Extracted data:
_ _ _ _ _
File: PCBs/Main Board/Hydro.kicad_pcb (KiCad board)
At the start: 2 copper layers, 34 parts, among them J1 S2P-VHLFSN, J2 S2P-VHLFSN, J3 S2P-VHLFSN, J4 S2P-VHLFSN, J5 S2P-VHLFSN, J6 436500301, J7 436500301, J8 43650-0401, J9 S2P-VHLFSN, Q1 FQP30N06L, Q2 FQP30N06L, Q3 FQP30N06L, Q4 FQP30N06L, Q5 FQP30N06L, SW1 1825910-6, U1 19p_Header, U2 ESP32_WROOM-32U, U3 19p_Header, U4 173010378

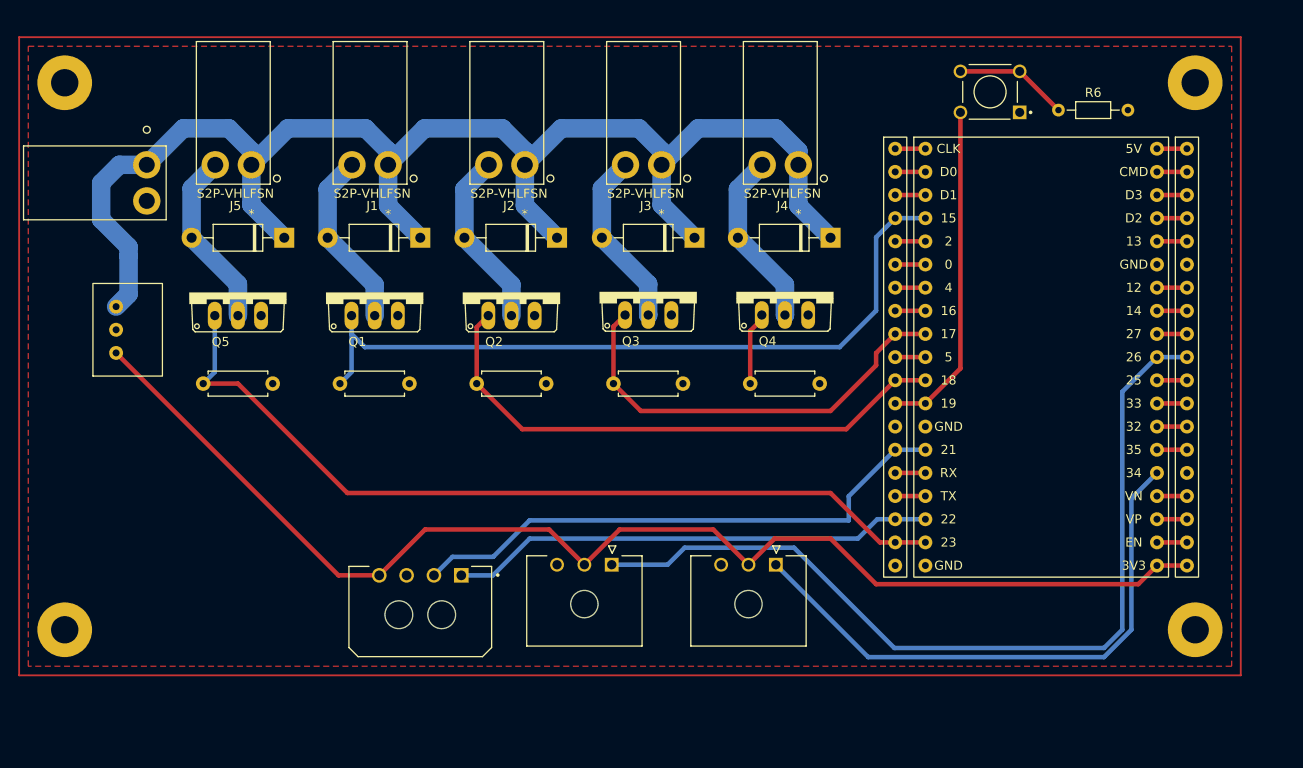
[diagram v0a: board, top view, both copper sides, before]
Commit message: Remove steppers, add OLED
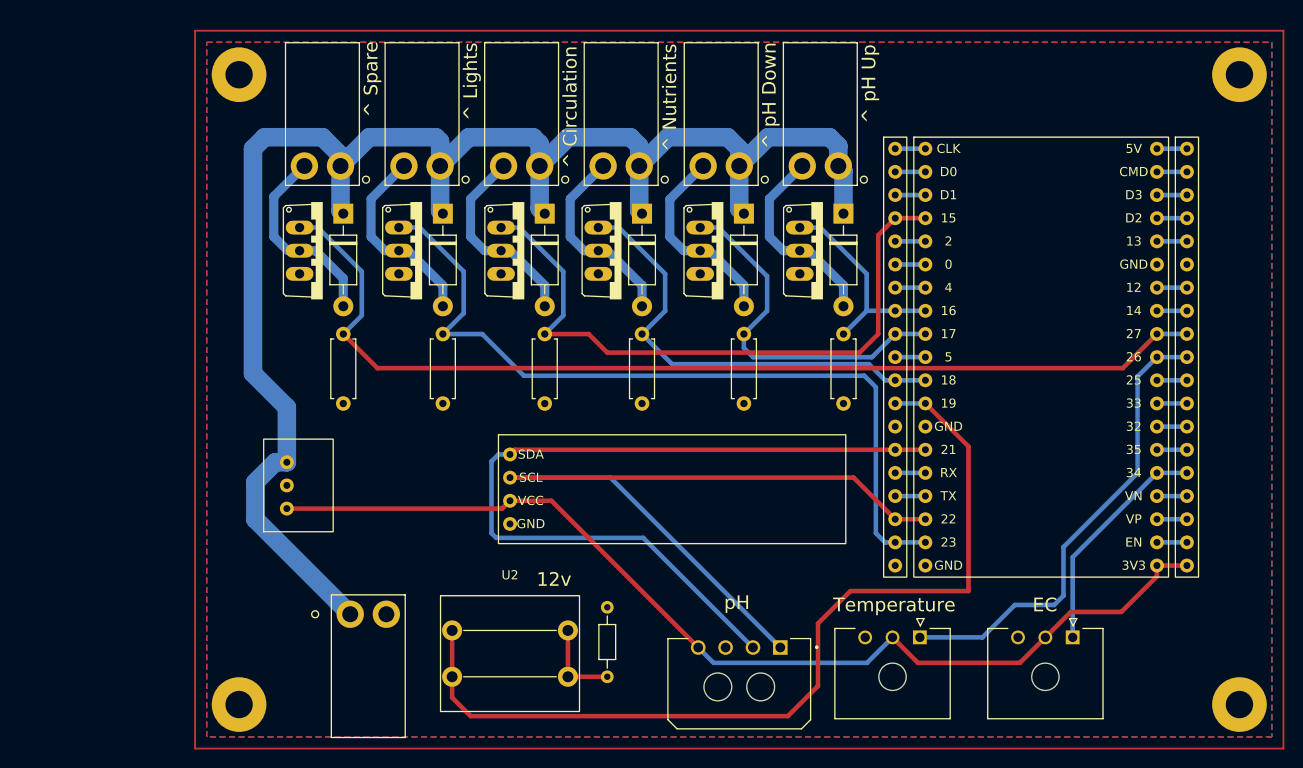
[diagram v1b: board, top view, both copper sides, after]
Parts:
- removed SW1: 1825910-6, SnapEDA Library:SW_1825910-6-4
- added D6: 1N4007, Diode_THT:D_DO-41_SOD81_P10.16mm_Horizontal, F.Cu at (130.6, 54.4)
- added J6: S2P-VHLFSN, Hydro:S2P-VHLFSN, F.Cu at (130.2, 49.1)
- added Q6: FQP30N06L, SnapEDA Library:TO220V, F.Cu at (128.3, 58.4)
- added R6: 1k, Resistor_THT:R_Axial_DIN0207_L6.3mm_D2.5mm_P7.62mm_Horizontal, F.Cu at (130.6, 67.6)
- added U2: Tactile_Button, Hydro:Tactile_Button, F.Cu at (148.8, 102.6)
- added U5: 0.91_OLED, Hydro:0.91 OLED, F.Cu at (166.6, 84.6)
- moved R7 79.5 mm to (159.5, 105.2), turned to 90 degrees
- moved J10 54.1 mm to (131.3, 98.3), turned to 0 degrees
- moved J9 35.9 mm to (174.0, 105.9)
- moved J8 34.7 mm to (193.8, 100.8)
- moved J7 33.5 mm to (210.6, 100.8)
- moved R5 26.8 mm to (141.5, 67.6), turned to -90 degrees
- moved U6 25.3 mm to (129.4, 79.1)
- moved R1 23.1 mm to (152.7, 67.6), turned to -90 degrees
- moved H2 20.8 mm to (119.1, 108.2)
- moved Q5 20.7 mm to (139.2, 58.4), turned to -90 degrees
- moved J5 20.7 mm to (141.2, 49.1)
- moved H3 19.1 mm to (119.1, 39.1)
- moved R2 18.9 mm to (163.3, 67.6), turned to -90 degrees
- moved D5 17.6 mm to (141.5, 54.4), turned to -90 degrees
- moved Q1 17.0 mm to (150.4, 58.4), turned to -90 degrees
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- renumbered J9 to J10, J6 to J7, J7 to J8, J8 to J9, R6 to R7, U2 to U3, U3 to U4, U4 to U6
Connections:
- net Net-(U2-Pad28) renamed Spare
- net pH_rx renamed SCL
- net pH_tx renamed SDA
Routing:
- net Spare: track 3.29 -> 112.2 mm
- net Net-(U1-Pad12): track 36.8 -> 100.4 mm
- net tempSignal: track 96.9 -> 51.4 mm
- net ec_A: track 62.8 -> 25.2 mm
- net SCL: track 53.5 -> 84.8 mm
- net SDA: track 61.2 -> 89.9 mm
- net 3V3: track 138.6 -> 113.9 mm
- net Net-(D6-Pad2): track 0.00 -> 21.7 mm
- net 12v: track 161.1 -> 178.0 mm
- net pHUp: track 11.2 -> 23.5 mm
- net Nutrients: track 61.5 -> 50.3 mm
- net Circulate: track 82.1 -> 71.6 mm
- net pHDown: track 47.8 -> 39.9 mm
- net Lights: track 94.4 -> 88.7 mm
- net Net-(D3-Pad2): track 19.7 -> 23.2 mm
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- added copper zone on B.Cu, net GND
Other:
- board text added: "12v"
- board text added: "EC"
- board text added: "Temperature"
- board text added: "^ Circulation"
- board text added: "^ Lights"
- board text added: "^ Nutrients"
- board text added: "^ Spare"
- board text added: "^ pH Down"
- board text added: "^ pH Up"
- board text added: "pH"

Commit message: update pcb
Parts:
- moved U6 0.86 mm to (129.9, 78.4)
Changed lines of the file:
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@@
+      (effects (font (size 1 1) (thickness 0.15)))
+    )
+    (fp_text user "SDA" (at -15.494 -3.81 unlocked) (layer "F.SilkS")
+      (effects (font (size 1 1) (thickness 0.15)))
+    )
+    (fp_text user "SCL" (at -15.494 -1.27 unlocked) (layer "F.SilkS")
+      (effects (font (size 1 1) (thickness 0.15)))
+    )
+    (fp_text user "GND" (at -15.494 3.81 unlocked) (layer "F.SilkS")
       (effects (font (size 1 1) (thickness 0.15)))
     )
@@
       (effects (font (size 1 1) (thickness 0.15)))
     )
-    (fp_text user "SCL" (at -15.494 -1.27 unlocked) (layer "F.SilkS")
-      (effects (font (size 1 1) (thickness 0.15)))
-    )
-    (fp_text user "GND" (at -15.494 3.81 unlocked) (layer "F.SilkS")
-      (effects (font (size 1 1) (thickness 0.15)))
-    )
-    (fp_text user "SDA" (at -15.494 -3.81 unlocked) (layer "F.SilkS")
-      (effects (font (size 1 1) (thickness 0.15)))
-    )
     (fp_text user "${REFERENCE}" (at 0 -7.62 unlocked) (layer "F.Fab") hide
       (effects (font (size 1 1) (thickness 0.15)))
     )
     (fp_rect (start -19.05 -5.969) (end 19.05 5.969) (layer "F.SilkS") (width 0.12) (fill none))
-    (pad "1" thru_hole circle (at -17.78 -3.81) (size 1.524 1.524) (drill 0.762) (layers *.Cu *.Mask)
+    (pad "1" thru_hole circle (at -17.78 -3.81) (size 2 2) (drill 0.9) (layers *.Cu *.Mask)
       (net 29 "SDA") (pinfunction "SDA") (pintype "input"))
-    (pad "2" thru_hole circle (at -17.78 -1.27) (size 1.524 1.524) (drill 0.762) (layers *.Cu *.Mask)
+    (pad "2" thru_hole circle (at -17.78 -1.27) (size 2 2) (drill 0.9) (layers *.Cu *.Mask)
_ _ _ _ _
Problem description: Your copy of the records above should be exact and contain no pictures.

Answer to this exercise:
File: PCBs/Main Board/Hydro.kicad_pcb (KiCad board)
At the start: 2 copper layers, 34 parts, among them J1 S2P-VHLFSN, J2 S2P-VHLFSN, J3 S2P-VHLFSN, J4 S2P-VHLFSN, J5 S2P-VHLFSN, J6 436500301, J7 436500301, J8 43650-0401, J9 S2P-VHLFSN, Q1 FQP30N06L, Q2 FQP30N06L, Q3 FQP30N06L, Q4 FQP30N06L, Q5 FQP30N06L, SW1 1825910-6, U1 19p_Header, U2 ESP32_WROOM-32U, U3 19p_Header, U4 173010378

[diagram v0a: board, top view, both copper sides, before]
Commit message: Remove steppers, add OLED
[diagram v1b: board, top view, both copper sides, after]
Parts:
- removed SW1: 1825910-6, SnapEDA Library:SW_1825910-6-4
- added D6: 1N4007, Diode_THT:D_DO-41_SOD81_P10.16mm_Horizontal, F.Cu at (130.6, 54.4)
- added J6: S2P-VHLFSN, Hydro:S2P-VHLFSN, F.Cu at (130.2, 49.1)
- added Q6: FQP30N06L, SnapEDA Library:TO220V, F.Cu at (128.3, 58.4)
- added R6: 1k, Resistor_THT:R_Axial_DIN0207_L6.3mm_D2.5mm_P7.62mm_Horizontal, F.Cu at (130.6, 67.6)
- added U2: Tactile_Button, Hydro:Tactile_Button, F.Cu at (148.8, 102.6)
- added U5: 0.91_OLED, Hydro:0.91 OLED, F.Cu at (166.6, 84.6)
- moved R7 79.5 mm to (159.5, 105.2), turned to 90 degrees
- moved J10 54.1 mm to (131.3, 98.3), turned to 0 degrees
- moved J9 35.9 mm to (174.0, 105.9)
- moved J8 34.7 mm to (193.8, 100.8)
- moved J7 33.5 mm to (210.6, 100.8)
- moved R5 26.8 mm to (141.5, 67.6), turned to -90 degrees
- moved U6 25.3 mm to (129.4, 79.1)
- moved R1 23.1 mm to (152.7, 67.6), turned to -90 degrees
- moved H2 20.8 mm to (119.1, 108.2)
- moved Q5 20.7 mm to (139.2, 58.4), turned to -90 degrees
- moved J5 20.7 mm to (141.2, 49.1)
- moved H3 19.1 mm to (119.1, 39.1)
- moved R2 18.9 mm to (163.3, 67.6), turned to -90 degrees
- moved D5 17.6 mm to (141.5, 54.4), turned to -90 degrees
- moved Q1 17.0 mm to (150.4, 58.4), turned to -90 degrees
- renumbered J9 to J10, J6 to J7, J7 to J8, J8 to J9, R6 to R7, U2 to U3, U3 to U4, U4 to U6
Connections:
- net Net-(U2-Pad28) renamed Spare
- net pH_rx renamed SCL
- net pH_tx renamed SDA
Routing:
- net Spare: track 3.29 -> 112.2 mm
- net Net-(U1-Pad12): track 36.8 -> 100.4 mm
- net tempSignal: track 96.9 -> 51.4 mm
- net ec_A: track 62.8 -> 25.2 mm
- net SCL: track 53.5 -> 84.8 mm
- net SDA: track 61.2 -> 89.9 mm
- net 3V3: track 138.6 -> 113.9 mm
- net Net-(D6-Pad2): track 0.00 -> 21.7 mm
- net 12v: track 161.1 -> 178.0 mm
- net pHUp: track 11.2 -> 23.5 mm
- net Nutrients: track 61.5 -> 50.3 mm
- net Circulate: track 82.1 -> 71.6 mm
- net pHDown: track 47.8 -> 39.9 mm
- net Lights: track 94.4 -> 88.7 mm
- net Net-(D3-Pad2): track 19.7 -> 23.2 mm
- added copper zone on B.Cu, net GND
Other:
- board text added: "12v"
- board text added: "EC"
- board text added: "Temperature"
- board text added: "^ Circulation"
- board text added: "^ Lights"
- board text added: "^ Nutrients"
- board text added: "^ Spare"
- board text added: "^ pH Down"
- board text added: "^ pH Up"
- board text added: "pH"

Commit message: update pcb
Parts:
- moved U6 0.86 mm to (129.9, 78.4)
Changed lines of the file:
@@
+      (effects (font (size 1 1) (thickness 0.15)))
+    )
+    (fp_text user "SDA" (at -15.494 -3.81 unlocked) (layer "F.SilkS")
+      (effects (font (size 1 1) (thickness 0.15)))
+    )
+    (fp_text user "SCL" (at -15.494 -1.27 unlocked) (layer "F.SilkS")
+      (effects (font (size 1 1) (thickness 0.15)))
+    )
+    (fp_text user "GND" (at -15.494 3.81 unlocked) (layer "F.SilkS")
       (effects (font (size 1 1) (thickness 0.15)))
     )
@@
       (effects (font (size 1 1) (thickness 0.15)))
     )
-    (fp_text user "SCL" (at -15.494 -1.27 unlocked) (layer "F.SilkS")
-      (effects (font (size 1 1) (thickness 0.15)))
-    )
-    (fp_text user "GND" (at -15.494 3.81 unlocked) (layer "F.SilkS")
-      (effects (font (size 1 1) (thickness 0.15)))
-    )
-    (fp_text user "SDA" (at -15.494 -3.81 unlocked) (layer "F.SilkS")
-      (effects (font (size 1 1) (thickness 0.15)))
-    )
     (fp_text user "${REFERENCE}" (at 0 -7.62 unlocked) (layer "F.Fab") hide
       (effects (font (size 1 1) (thickness 0.15)))
     )
     (fp_rect (start -19.05 -5.969) (end 19.05 5.969) (layer "F.SilkS") (width 0.12) (fill none))
-    (pad "1" thru_hole circle (at -17.78 -3.81) (size 1.524 1.524) (drill 0.762) (layers *.Cu *.Mask)
+    (pad "1" thru_hole circle (at -17.78 -3.81) (size 2 2) (drill 0.9) (layers *.Cu *.Mask)
       (net 29 "SDA") (pinfunction "SDA") (pintype "input"))
-    (pad "2" thru_hole circle (at -17.78 -1.27) (size 1.524 1.524) (drill 0.762) (layers *.Cu *.Mask)
+    (pad "2" thru_hole circle (at -17.78 -1.27) (size 2 2) (drill 0.9) (layers *.Cu *.Mask)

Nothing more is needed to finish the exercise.